Neither the OGTT nor the screening test are reliable tests in that they give different results when repeated in the same person (8,24). In addition, blood glucose values rise as pregnancy advances, but no adjustments are made for this. This means you could “fail” a test in week 28 that you would have “passed” had you taken it in week 24 (17). The various thresholds used to diagnose GD are purely arbitrary (11,28-29,40,43). None of them correlate with the appearance of or a marked increase in complications. Studies fail to show that treatment reduces adverse outcomes such as overlarge babies (16). However, being identified as a gestational diabetic greatly increases the chance of having a cesarean simply because of the diagnosis, not because of problems such as overlarge baby (5,21,37,42).

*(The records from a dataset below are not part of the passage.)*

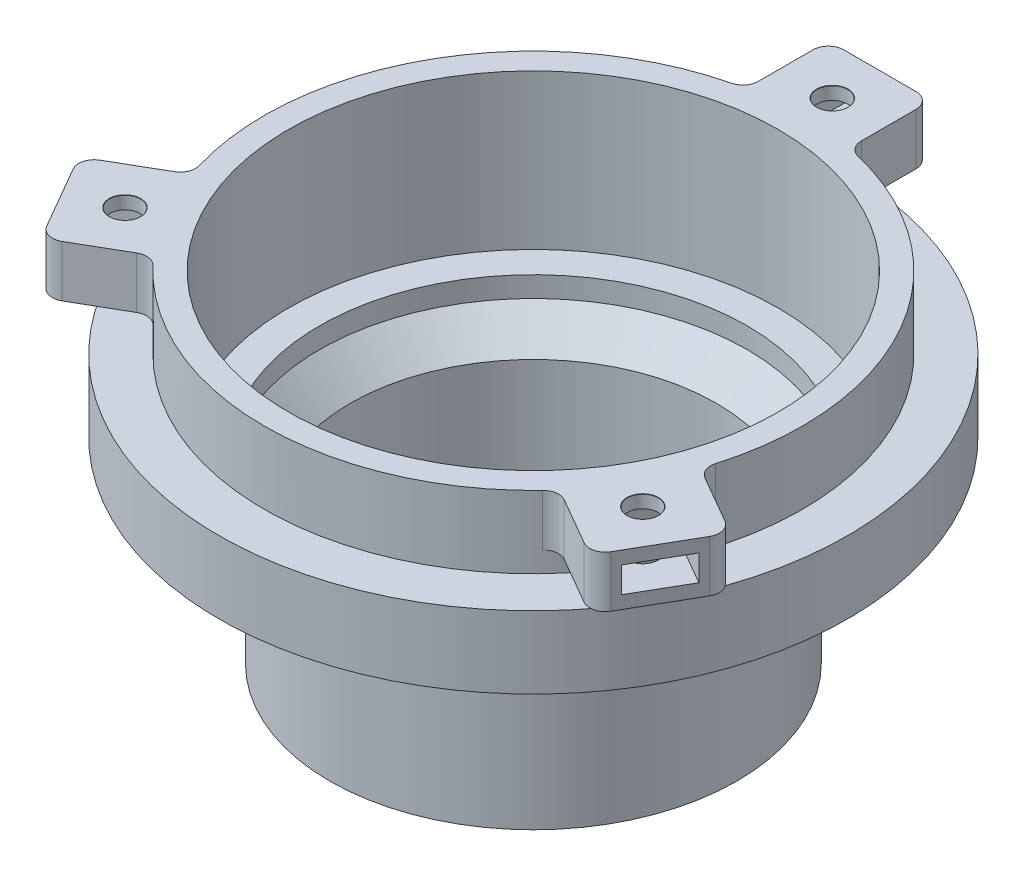
SolidWorks part; units mm, degrees
ref_plane "Plan de face" through (0, 0, 0) normal (0, 0, 1) x (1, 0, 0)
ref_plane "Plan de dessus" through (0, 0, 0) normal (0, 1, 0) x (1, 0, 0)
ref_plane "Plan de droite" through (0, 0, 0) normal (1, 0, 0) x (0, 0, -1)
sketch "Sketch1" plane through (0, 0, 0) normal (0, 0, 1) x (1, 0, 0)
  line L0 (17.75, 0) -> (17.75, 13)
  line L1 (17.75, 13) -> (20.75, 16)
  line L2 (20.75, 16) -> (20.75, 18)
  line L3 (20.75, 18) -> (23.75, 18)
  line L4 (23.75, 18) -> (23.75, 33)
  line L5 (26.1, 26) -> (30.5, 26)
  line L6 (30.5, 26) -> (30.5, 19)
  line L7 (30.5, 19) -> (28.5, 19)
  line L8 (0, -2.2363) -> (0, 22.2136) construction
  line L9 (28.5, 19) -> (28.5, 24)
  line L10 (28.5, 24) -> (26.1, 24)
  line L11 (26.1, 24) -> (26.1, 16)
  line L12 (17.75, 0) -> (19.75, 0)
  line L13 (19.75, 0) -> (19.75, 12.1716)
  line L14 (19.75, 12.1716) -> (22.75, 15.1716)
  line L15 (22.75, 15.1716) -> (22.75, 16)
  line L16 (22.75, 16) -> (26.1, 16)
  line L18 (23.75, 33) -> (26.1, 33)
  line L19 (26.1, 33) -> (26.1, 26)
  point P6 (0, 0)
  point P22 (23.75, 42.9983)
  dimension "D1" = 35.5
  dimension "D3" = 47.5
  dimension "D4" = 57
  dimension "D5" = 52.2
  dimension "D2" = 13
  dimension "D6" = 2
  dimension "D7" = 3
  dimension "D8" = 3
  dimension "D9" = 7
  dimension "D10" = 15
  dimension "D11" = 5
  dimension "D12" = 2
  dimension "D13" = 2
  dimension "D14" = 2
  dimension "D15" = 2
  dimension "D16" = 2
  dimension "D17" = 2
revolve "Revolve1" add sketch "Sketch1" angle 360 about L8
sketch "Sketch2" plane through (0, 33, 0) normal (0, 1, 0) x (1, 0, 0)
  line L0 (0, 0) -> (0, 33.6166) construction
  line L9 (-5, 33.6166) -> (-5, 25.6166)
  line L10 (-5, 25.6166) -> (5, 25.6166)
  line L11 (5, 25.6166) -> (5, 33.6166)
  line L18 (-5, 33.6166) -> (5, 33.6166)
  circle A7 centre (0, 0) radius 26.1 construction
  circle A10 centre (0, 0) radius 26.1 construction
  point P2 (4.726, 25.6686)
  point P10 (0, 33.6166)
  dimension "D1" = 10
  dimension "D3" = 8
extrude "Boss-Extrude1" add sketch "Sketch2" against normal blind 5
sketch "Sketch3" plane through (0, 33, 0) normal (0, 1, 0) x (1, 0, 0)
  line L0 (0, 0) -> (0, 29) construction
  line L2 (0, 0) -> (25.1147, -14.5) construction
  line L4 (0, 0) -> (-25.1147, -14.5) construction
  point P0 (0, 29)
  point P4 (-25.1147, -14.5)
  point P6 (25.1147, -14.5)
  point P26 (24.3314, -14.0477)
  dimension "D1" = 120
  dimension "D2" = 120
  dimension "D3" = 29
hole_wizard "Ø3.0 mm Dowel Holes2" positions "Sketch3" profile "Sketch4" hole size "Ø3.0" standard "ANSI Metric"
sketch "Sketch4" plane through (0, 33, -29) normal (1, 0, 0) x (0, 0, 1)
  line L0 (0, 0) -> (0, 5.9013)
  line L1 (0, 5.9013) -> (1.5, 5)
  line L2 (1.5, 5) -> (1.5, 0.025)
  line L3 (1.5, 0.025) -> (1.525, 0)
  line L5 (1.525, 0) -> (0, 0)
  line L6 (-1.5, 0.025) -> (-1.525, 0) construction
  line L10 (0, 5.9013) -> (-1.5, 5) construction
  line L11 (0, -6.35) -> (0, 107.95) construction
  dimension "Hole Dia." = 3
  dimension "Hole Depth" = 5
  dimension "Near C'Sink Dia." = 3.05
  dimension "Near C'Sink Angle" = 90
  dimension "Drill Angle" = 118
sketch "Sketch7" plane through (0, 0, -33.6166) normal (0, 0, -1) x (-1, 0, 0)
  line L0 (5, 28) -> (5, 33) construction
  line L1 (-2.75, 31.75) -> (2.75, 31.75)
  line L2 (-2.75, 31.75) -> (-2.75, 29.25)
  line L3 (-2.75, 29.25) -> (2.75, 29.25)
  line L4 (2.75, 31.75) -> (2.75, 29.25)
  line L5 (-2.75, 31.75) -> (2.75, 29.25) construction
  line L6 (-2.75, 29.25) -> (2.75, 31.75) construction
  line L7 (-5, 28) -> (5, 28) construction
  point P0 (0, 30.5)
  point P7 (5, 30.5)
  point P10 (0, 28)
  dimension "D1" = 2.5
  dimension "D2" = 5.5
extrude "Cut-Extrude2" cut sketch "Sketch7" against normal blind 7
pattern_circular "CirPattern1" count 3 every 120 about axis through (0, -2.2363, 0) along (0, -1, 0) of "Boss-Extrude1", "Ø3.0 mm Dowel Holes2", "Cut-Extrude2"
fillet "Fillet1" radius 1.5 12 edges at (-5, 30.5, -25.6166) (-5, 30.5, -33.6166) (5, 30.5, -33.6166) (5, 30.5, -25.6166) (24.6846, 30.5, 8.4782) (31.6128, 30.5, 12.4782) (19.6846, 30.5, 17.1384) (-19.6846, 30.5, 17.1384) (-26.6128, 30.5, 21.1384) (-31.6128, 30.5, 12.4782) (-24.6846, 30.5, 8.4782) (26.6128, 30.5, 21.1384)
equation "\"D15@Sketch1\"=\"D14@Sketch1\""
equation "\"D16@Sketch1\"=\"D14@Sketch1\""
equation "\"D17@Sketch1\"=\"D14@Sketch1\""

For these reasons, several organizational bodies have opposed GD testing. A Guide to Effective Care in Pregnancy and Childbirth, the bible of evidence-based care, relegates screening, diet, and diet plus insulin to “Forms of Care Unlikely to be Beneficial (16).” The American College of Obstetricians and Gynecologists says no data support the benefits of screening (1). The U.S. Preventative Services Task Force and the Canadian Task Force on the Periodic Health Examination both conclude that there is insufficient evidence to justify universal GD screening (7,15).

In the meantime, a GD diagnosis appears to significantly increase mom's chance of having a c-section imposed by elevating doctors concerns about a big baby even if that is not truly the case and even if the sugar levels were only borderline high (which some experts simply believe to be a natural and necessary function of pregnancy). GD diagnosis can also lead doctor to recommend mom restrict calories or manipulate glucose with insulin, which affects the growth mechanism of the seventy to eighty percent of babies who would not weigh in the upper range even if GD were left untreated, not to mention the ten percent or so who genetically were supposed to be big. Aggressive diets and insulin use can cause starvation metabolism (ketosis), which produces byproducts known to be toxic to the baby (27). These diets can also result in underweight babies, and symptomatic episodes of low blood sugar (hypoglycemia) (5,30,32). Limiting food intake can also lead to malnutrition (26).

The numbers in parentheses are references to page numbers in Effective CAre in Pregnancy and Childbirth.

Interesting that nobody ever second-guesses this test. I think I'll just ask my doctor what he thinks about it and to explain all of these things to me the next time I'm in.
Anonymous
I know there have been a lot of posts on this thread about the validity of the GD test.

Just keep in mind that there is a margin of error with just about every test administered in the doctor office.

Hec, you can even twist statistics and grill skeptical oncologists about how effective mammagrams are in detecting lumps. As we know, mammograms aren't 100%, but they are still pretty darn good (and better than nothing) and, so far, the best screening tool so far and it's still wise to get one done.
Anonymous
Anonymous wrote:I know there have been a lot of posts on this thread about the validity of the GD test.

Just keep in mind that there is a margin of error with just about every test administered in the doctor office.

Hec, you can even twist statistics and grill skeptical oncologists about how effective mammagrams are in detecting lumps. As we know, mammograms aren't 100%, but they are still pretty darn good (and better than nothing) and, so far, the best screening tool so far and it's still wise to get one done.


Don't want to play devil's advocate (or beat a dead horse if there have been other posts about the GD test) but what is the downside to a mammogram other than a little bit of pain? I'm asking b/c I don't know -- haven't gotten to the stage of needing or having one yet. That said, there do seem to be real significant downsides to the GD screening. Once diagnosed, many docs tend to start from the point that you are going to have a large baby with a problem and treat aggressively. You're more likely to get a c-section, and the treatment for the GD can be worse than the disease.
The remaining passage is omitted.